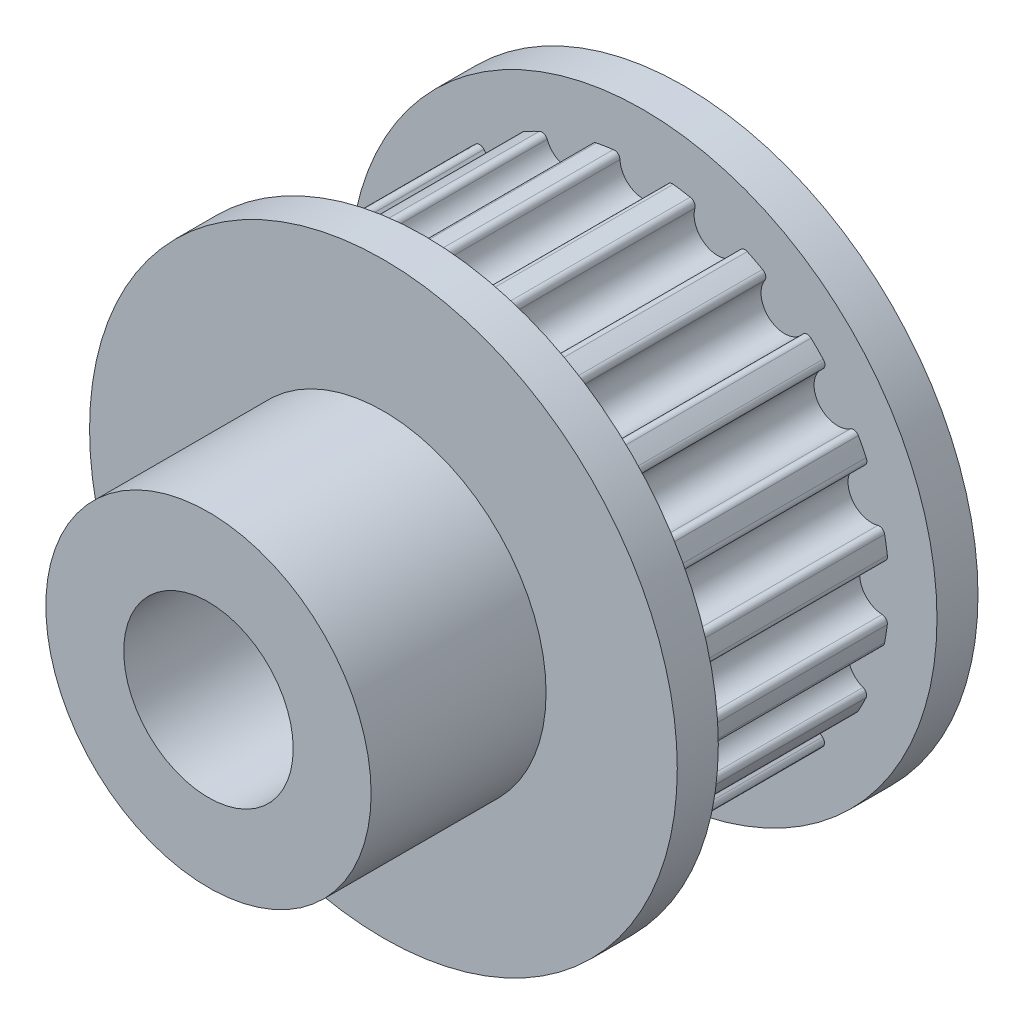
ISO-10303-21;
HEADER;
FILE_DESCRIPTION(('STEP AP214'),'2;1');
FILE_NAME('part.step','',(''),(''),'','','');
FILE_SCHEMA(('AUTOMOTIVE_DESIGN { 1 0 10303 214 1 1 1 1 }'));
ENDSEC;
DATA;
#1=APPLICATION_CONTEXT('core data for automotive mechanical design processes');
#2=APPLICATION_PROTOCOL_DEFINITION('international standard','automotive_design',2000,#1);
#3=PRODUCT_CONTEXT('',#1,'mechanical');
#4=PRODUCT('Part','Part','',(#3));
#5=PRODUCT_RELATED_PRODUCT_CATEGORY('part','',(#4));
#6=PRODUCT_DEFINITION_FORMATION('','',#4);
#7=PRODUCT_DEFINITION_CONTEXT('part definition',#1,'design');
#8=PRODUCT_DEFINITION('design','',#6,#7);
#9=PRODUCT_DEFINITION_SHAPE('','',#8);
#10=(LENGTH_UNIT() NAMED_UNIT(*) SI_UNIT(.MILLI.,.METRE.));
#11=(NAMED_UNIT(*) PLANE_ANGLE_UNIT() SI_UNIT($,.RADIAN.));
#12=(NAMED_UNIT(*) SI_UNIT($,.STERADIAN.) SOLID_ANGLE_UNIT());
#13=UNCERTAINTY_MEASURE_WITH_UNIT(LENGTH_MEASURE(1.E-05),#10,'distance_accuracy_value','');
#14=(GEOMETRIC_REPRESENTATION_CONTEXT(3) GLOBAL_UNCERTAINTY_ASSIGNED_CONTEXT((#13)) GLOBAL_UNIT_ASSIGNED_CONTEXT((#10,
#11,#12)) REPRESENTATION_CONTEXT('',''));
#15=CARTESIAN_POINT('',(0.,0.,0.));
#16=DIRECTION('',(0.,0.,1.));
#17=DIRECTION('',(1.,0.,0.));
#18=AXIS2_PLACEMENT_3D('',#15,#16,#17);
#19=CARTESIAN_POINT('',(0.,0.,1.5));
#20=DIRECTION('',(0.,0.,1.));
#21=DIRECTION('',(1.,0.,0.));
#22=AXIS2_PLACEMENT_3D('',#19,#20,#21);
#23=PLANE('',#22);
#24=CARTESIAN_POINT('',(0.,0.,1.5));
#25=DIRECTION('',(0.,0.,1.));
#26=DIRECTION('',(1.,0.,0.));
#27=AXIS2_PLACEMENT_3D('',#24,#25,#26);
#28=CIRCLE('',#27,10.75);
#29=CARTESIAN_POINT('',(10.75,0.,1.5));
#30=VERTEX_POINT('',#29);
#31=EDGE_CURVE('E960',#30,#30,#28,.T.);
#32=ORIENTED_EDGE('',*,*,#31,.T.);
#33=EDGE_LOOP('',(#32));
#34=FACE_BOUND('',#33,.T.);
#35=CARTESIAN_POINT('',(0.,0.,1.5));
#36=DIRECTION('',(0.,0.,1.));
#37=DIRECTION('',(-1.,0.,0.));
#38=AXIS2_PLACEMENT_3D('',#35,#36,#37);
#39=CIRCLE('',#38,9.00000000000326);
#40=CARTESIAN_POINT('',(-1.09254817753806,8.93343934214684,1.5));
#41=VERTEX_POINT('',#40);
#42=CARTESIAN_POINT('',(-1.71165073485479,8.835737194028,1.5));
#43=VERTEX_POINT('',#42);
#44=EDGE_CURVE('E573',#41,#43,#39,.T.);
#45=ORIENTED_EDGE('',*,*,#44,.F.);
#46=CARTESIAN_POINT('',(-1.05116965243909,8.73313978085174,1.5));
#47=DIRECTION('',(0.,0.,1.));
#48=DIRECTION('',(1.,0.,0.));
#49=AXIS2_PLACEMENT_3D('',#46,#47,#48);
#50=CIRCLE('',#49,0.204528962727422);
#51=CARTESIAN_POINT('',(-0.846860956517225,8.74262942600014,1.5));
#52=VERTEX_POINT('',#51);
#53=EDGE_CURVE('E570',#52,#41,#50,.T.);
#54=ORIENTED_EDGE('',*,*,#53,.F.);
#55=CARTESIAN_POINT('',(0.0142860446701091,8.78392272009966,1.5));
#56=DIRECTION('',(0.,0.,-1.));
#57=DIRECTION('',(1.,0.,0.));
#58=AXIS2_PLACEMENT_3D('',#55,#56,#57);
#59=CIRCLE('',#58,0.862136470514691);
#60=CARTESIAN_POINT('',(0.875433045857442,8.74262942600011,1.5));
#61=VERTEX_POINT('',#60);
#62=EDGE_CURVE('E296',#61,#52,#59,.T.);
#63=ORIENTED_EDGE('',*,*,#62,.F.);
#64=CARTESIAN_POINT('',(1.07614958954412,8.73300476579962,1.5));
#65=DIRECTION('',(0.,0.,1.));
#66=DIRECTION('',(-1.,0.,0.));
#67=AXIS2_PLACEMENT_3D('',#64,#65,#66);
#68=CIRCLE('',#67,0.200947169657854);
#69=CARTESIAN_POINT('',(1.10251636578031,8.93221460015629,1.5));
#70=VERTEX_POINT('',#69);
#71=EDGE_CURVE('E727',#70,#61,#68,.T.);
#72=ORIENTED_EDGE('',*,*,#71,.F.);
#73=CARTESIAN_POINT('',(0.,0.,1.5));
#74=DIRECTION('',(0.,0.,1.));
#75=DIRECTION('',(-1.,0.,0.));
#76=AXIS2_PLACEMENT_3D('',#73,#74,#75);
#77=CIRCLE('',#76,9.00000000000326);
#78=CARTESIAN_POINT('',(1.72150951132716,8.83382165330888,1.5));
#79=VERTEX_POINT('',#78);
#80=EDGE_CURVE('E725',#79,#70,#77,.T.);
#81=ORIENTED_EDGE('',*,*,#80,.F.);
#82=CARTESIAN_POINT('',(1.69896685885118,8.63053878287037,1.5));
#83=DIRECTION('',(0.,0.,1.));
#84=DIRECTION('',(1.,0.,0.));
#85=AXIS2_PLACEMENT_3D('',#82,#83,#84);
#86=CIRCLE('',#85,0.204528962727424);
#87=CARTESIAN_POINT('',(1.89620843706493,8.57642911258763,1.5));
#88=VERTEX_POINT('',#87);
#89=EDGE_CURVE('E542',#88,#79,#86,.T.);
#90=ORIENTED_EDGE('',*,*,#89,.F.);
#91=CARTESIAN_POINT('',(2.72796823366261,8.34959231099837,1.5));
#92=DIRECTION('',(0.,0.,-1.));
#93=DIRECTION('',(1.,0.,0.));
#94=AXIS2_PLACEMENT_3D('',#91,#92,#93);
#95=CIRCLE('',#94,0.862136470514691);
#96=CARTESIAN_POINT('',(3.53420737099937,8.04421099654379,1.5));
#97=VERTEX_POINT('',#96);
#98=EDGE_CURVE('E722',#97,#88,#95,.T.);
#99=ORIENTED_EDGE('',*,*,#98,.F.);
#100=CARTESIAN_POINT('',(3.72212596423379,7.9730325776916,1.5));
#101=DIRECTION('',(0.,0.,1.));
#102=DIRECTION('',(-1.,0.,0.));
#103=AXIS2_PLACEMENT_3D('',#100,#101,#102);
#104=CIRCLE('',#103,0.200947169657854);
#105=CARTESIAN_POINT('',(3.80876148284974,8.15434460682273,1.5));
#106=VERTEX_POINT('',#105);
#107=EDGE_CURVE('E720',#106,#97,#104,.T.);
#108=ORIENTED_EDGE('',*,*,#107,.F.);
#109=CARTESIAN_POINT('',(0.,0.,1.5));
#110=DIRECTION('',(0.,0.,1.));
#111=DIRECTION('',(-1.,0.,0.));
#112=AXIS2_PLACEMENT_3D('',#109,#110,#111);
#113=CIRCLE('',#112,9.00000000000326);
#114=CARTESIAN_POINT('',(4.36705385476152,7.86948795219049,1.5));
#115=VERTEX_POINT('',#114);
#116=EDGE_CURVE('E718',#115,#106,#113,.T.);
#117=ORIENTED_EDGE('',*,*,#116,.F.);
#118=CARTESIAN_POINT('',(4.28279665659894,7.68312051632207,1.5));
#119=DIRECTION('',(0.,0.,1.));
#120=DIRECTION('',(1.,0.,0.));
#121=AXIS2_PLACEMENT_3D('',#118,#119,#120);
#122=CIRCLE('',#121,0.204528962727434);
#123=CARTESIAN_POINT('',(4.45366373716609,7.5707081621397,1.5));
#124=VERTEX_POINT('',#123);
#125=EDGE_CURVE('E716',#124,#115,#122,.T.);
#126=ORIENTED_EDGE('',*,*,#125,.F.);
#127=CARTESIAN_POINT('',(5.17461788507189,7.09794563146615,1.5));
#128=DIRECTION('',(0.,0.,-1.));
#129=DIRECTION('',(1.,0.,0.));
#130=AXIS2_PLACEMENT_3D('',#127,#128,#129);
#131=CIRCLE('',#130,0.862136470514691);
#132=CARTESIAN_POINT('',(5.84702885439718,6.55836914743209,1.5));
#133=VERTEX_POINT('',#132);
#134=EDGE_CURVE('E714',#133,#124,#131,.T.);
#135=ORIENTED_EDGE('',*,*,#134,.F.);
#136=CARTESIAN_POINT('',(6.00375471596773,6.43260440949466,1.5));
#137=DIRECTION('',(0.,0.,1.));
#138=DIRECTION('',(-1.,0.,0.));
#139=AXIS2_PLACEMENT_3D('',#136,#137,#138);
#140=CIRCLE('',#139,0.200947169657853);
#141=CARTESIAN_POINT('',(6.14217848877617,6.5782705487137,1.5));
#142=VERTEX_POINT('',#141);
#143=EDGE_CURVE('E712',#142,#133,#140,.T.);
#144=ORIENTED_EDGE('',*,*,#143,.F.);
#145=CARTESIAN_POINT('',(0.,0.,1.5));
#146=DIRECTION('',(0.,0.,1.));
#147=DIRECTION('',(-1.,0.,0.));
#148=AXIS2_PLACEMENT_3D('',#145,#146,#147);
#149=CIRCLE('',#148,9.00000000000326);
#150=CARTESIAN_POINT('',(6.58512053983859,6.13483394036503,1.5));
#151=VERTEX_POINT('',#150);
#152=EDGE_CURVE('E710',#151,#142,#149,.T.);
#153=ORIENTED_EDGE('',*,*,#152,.F.);
#154=CARTESIAN_POINT('',(6.44739647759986,5.98362488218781,1.5));
#155=DIRECTION('',(0.,0.,1.));
#156=DIRECTION('',(1.,0.,0.));
#157=AXIS2_PLACEMENT_3D('',#154,#155,#156);
#158=CIRCLE('',#157,0.204528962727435);
#159=CARTESIAN_POINT('',(6.57516340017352,5.82391354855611,1.5));
#160=VERTEX_POINT('',#159);
#161=EDGE_CURVE('E708',#160,#151,#158,.T.);
#162=ORIENTED_EDGE('',*,*,#161,.F.);
#163=CARTESIAN_POINT('',(7.11473988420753,5.15150257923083,1.5));
#164=DIRECTION('',(0.,0.,-1.));
#165=DIRECTION('',(1.,0.,0.));
#166=AXIS2_PLACEMENT_3D('',#163,#164,#165);
#167=CIRCLE('',#166,0.862136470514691);
#168=CARTESIAN_POINT('',(7.58750241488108,4.43054843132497,1.5));
#169=VERTEX_POINT('',#168);
#170=EDGE_CURVE('E706',#169,#160,#167,.T.);
#171=ORIENTED_EDGE('',*,*,#170,.F.);
#172=CARTESIAN_POINT('',(7.69769412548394,4.26250810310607,1.5));
#173=DIRECTION('',(0.,0.,1.));
#174=DIRECTION('',(-1.,0.,0.));
#175=AXIS2_PLACEMENT_3D('',#172,#173,#174);
#176=CIRCLE('',#175,0.200947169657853);
#177=CARTESIAN_POINT('',(7.87435626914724,4.35826953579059,1.5));
#178=VERTEX_POINT('',#177);
#179=EDGE_CURVE('E704',#178,#169,#176,.T.);
#180=ORIENTED_EDGE('',*,*,#179,.F.);
#181=CARTESIAN_POINT('',(0.,0.,1.5));
#182=DIRECTION('',(0.,0.,1.));
#183=DIRECTION('',(-1.,0.,0.));
#184=AXIS2_PLACEMENT_3D('',#181,#182,#183);
#185=CIRCLE('',#184,9.00000000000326);
#186=CARTESIAN_POINT('',(8.15858974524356,3.79965963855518,1.5));
#187=VERTEX_POINT('',#186);
#188=EDGE_CURVE('E702',#187,#178,#185,.T.);
#189=ORIENTED_EDGE('',*,*,#188,.F.);
#190=CARTESIAN_POINT('',(7.98088020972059,3.698410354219,1.5));
#191=DIRECTION('',(0.,0.,1.));
#192=DIRECTION('',(1.,0.,0.));
#193=AXIS2_PLACEMENT_3D('',#190,#191,#192);
#194=CIRCLE('',#193,0.204528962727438);
#195=CARTESIAN_POINT('',(8.05304025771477,3.50703369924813,1.5));
#196=VERTEX_POINT('',#195);
#197=EDGE_CURVE('E700',#196,#187,#194,.T.);
#198=ORIENTED_EDGE('',*,*,#197,.F.);
#199=CARTESIAN_POINT('',(8.3584215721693,2.70079456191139,1.5));
#200=DIRECTION('',(0.,0.,-1.));
#201=DIRECTION('',(1.,0.,0.));
#202=AXIS2_PLACEMENT_3D('',#199,#200,#201);
#203=CIRCLE('',#202,0.862136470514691);
#204=CARTESIAN_POINT('',(8.58525837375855,1.86903476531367,1.5));
#205=VERTEX_POINT('',#204);
#206=EDGE_CURVE('E698',#205,#196,#203,.T.);
#207=ORIENTED_EDGE('',*,*,#206,.F.);
#208=CARTESIAN_POINT('',(8.63812960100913,1.67516780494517,1.5));
#209=DIRECTION('',(0.,0.,1.));
#210=DIRECTION('',(-1.,0.,0.));
#211=AXIS2_PLACEMENT_3D('',#208,#209,#210);
#212=CIRCLE('',#211,0.200947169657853);
#213=CARTESIAN_POINT('',(8.83573719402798,1.71165073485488,1.5));
#214=VERTEX_POINT('',#213);
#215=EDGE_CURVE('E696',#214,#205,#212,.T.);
+--
Work instructions> One stretch of the lines above is wanted, from the line that contains "#52=VERTEX_POINT('',#51);" through the line that contains "#73=CARTESIAN_POINT('',(0.,0.,1.5));". Output it exactly.

Result for this exercise>
#52=VERTEX_POINT('',#51);
#53=EDGE_CURVE('E570',#52,#41,#50,.T.);
#54=ORIENTED_EDGE('',*,*,#53,.F.);
#55=CARTESIAN_POINT('',(0.0142860446701091,8.78392272009966,1.5));
#56=DIRECTION('',(0.,0.,-1.));
#57=DIRECTION('',(1.,0.,0.));
#58=AXIS2_PLACEMENT_3D('',#55,#56,#57);
#59=CIRCLE('',#58,0.862136470514691);
#60=CARTESIAN_POINT('',(0.875433045857442,8.74262942600011,1.5));
#61=VERTEX_POINT('',#60);
#62=EDGE_CURVE('E296',#61,#52,#59,.T.);
#63=ORIENTED_EDGE('',*,*,#62,.F.);
#64=CARTESIAN_POINT('',(1.07614958954412,8.73300476579962,1.5));
#65=DIRECTION('',(0.,0.,1.));
#66=DIRECTION('',(-1.,0.,0.));
#67=AXIS2_PLACEMENT_3D('',#64,#65,#66);
#68=CIRCLE('',#67,0.200947169657854);
#69=CARTESIAN_POINT('',(1.10251636578031,8.93221460015629,1.5));
#70=VERTEX_POINT('',#69);
#71=EDGE_CURVE('E727',#70,#61,#68,.T.);
#72=ORIENTED_EDGE('',*,*,#71,.F.);
#73=CARTESIAN_POINT('',(0.,0.,1.5));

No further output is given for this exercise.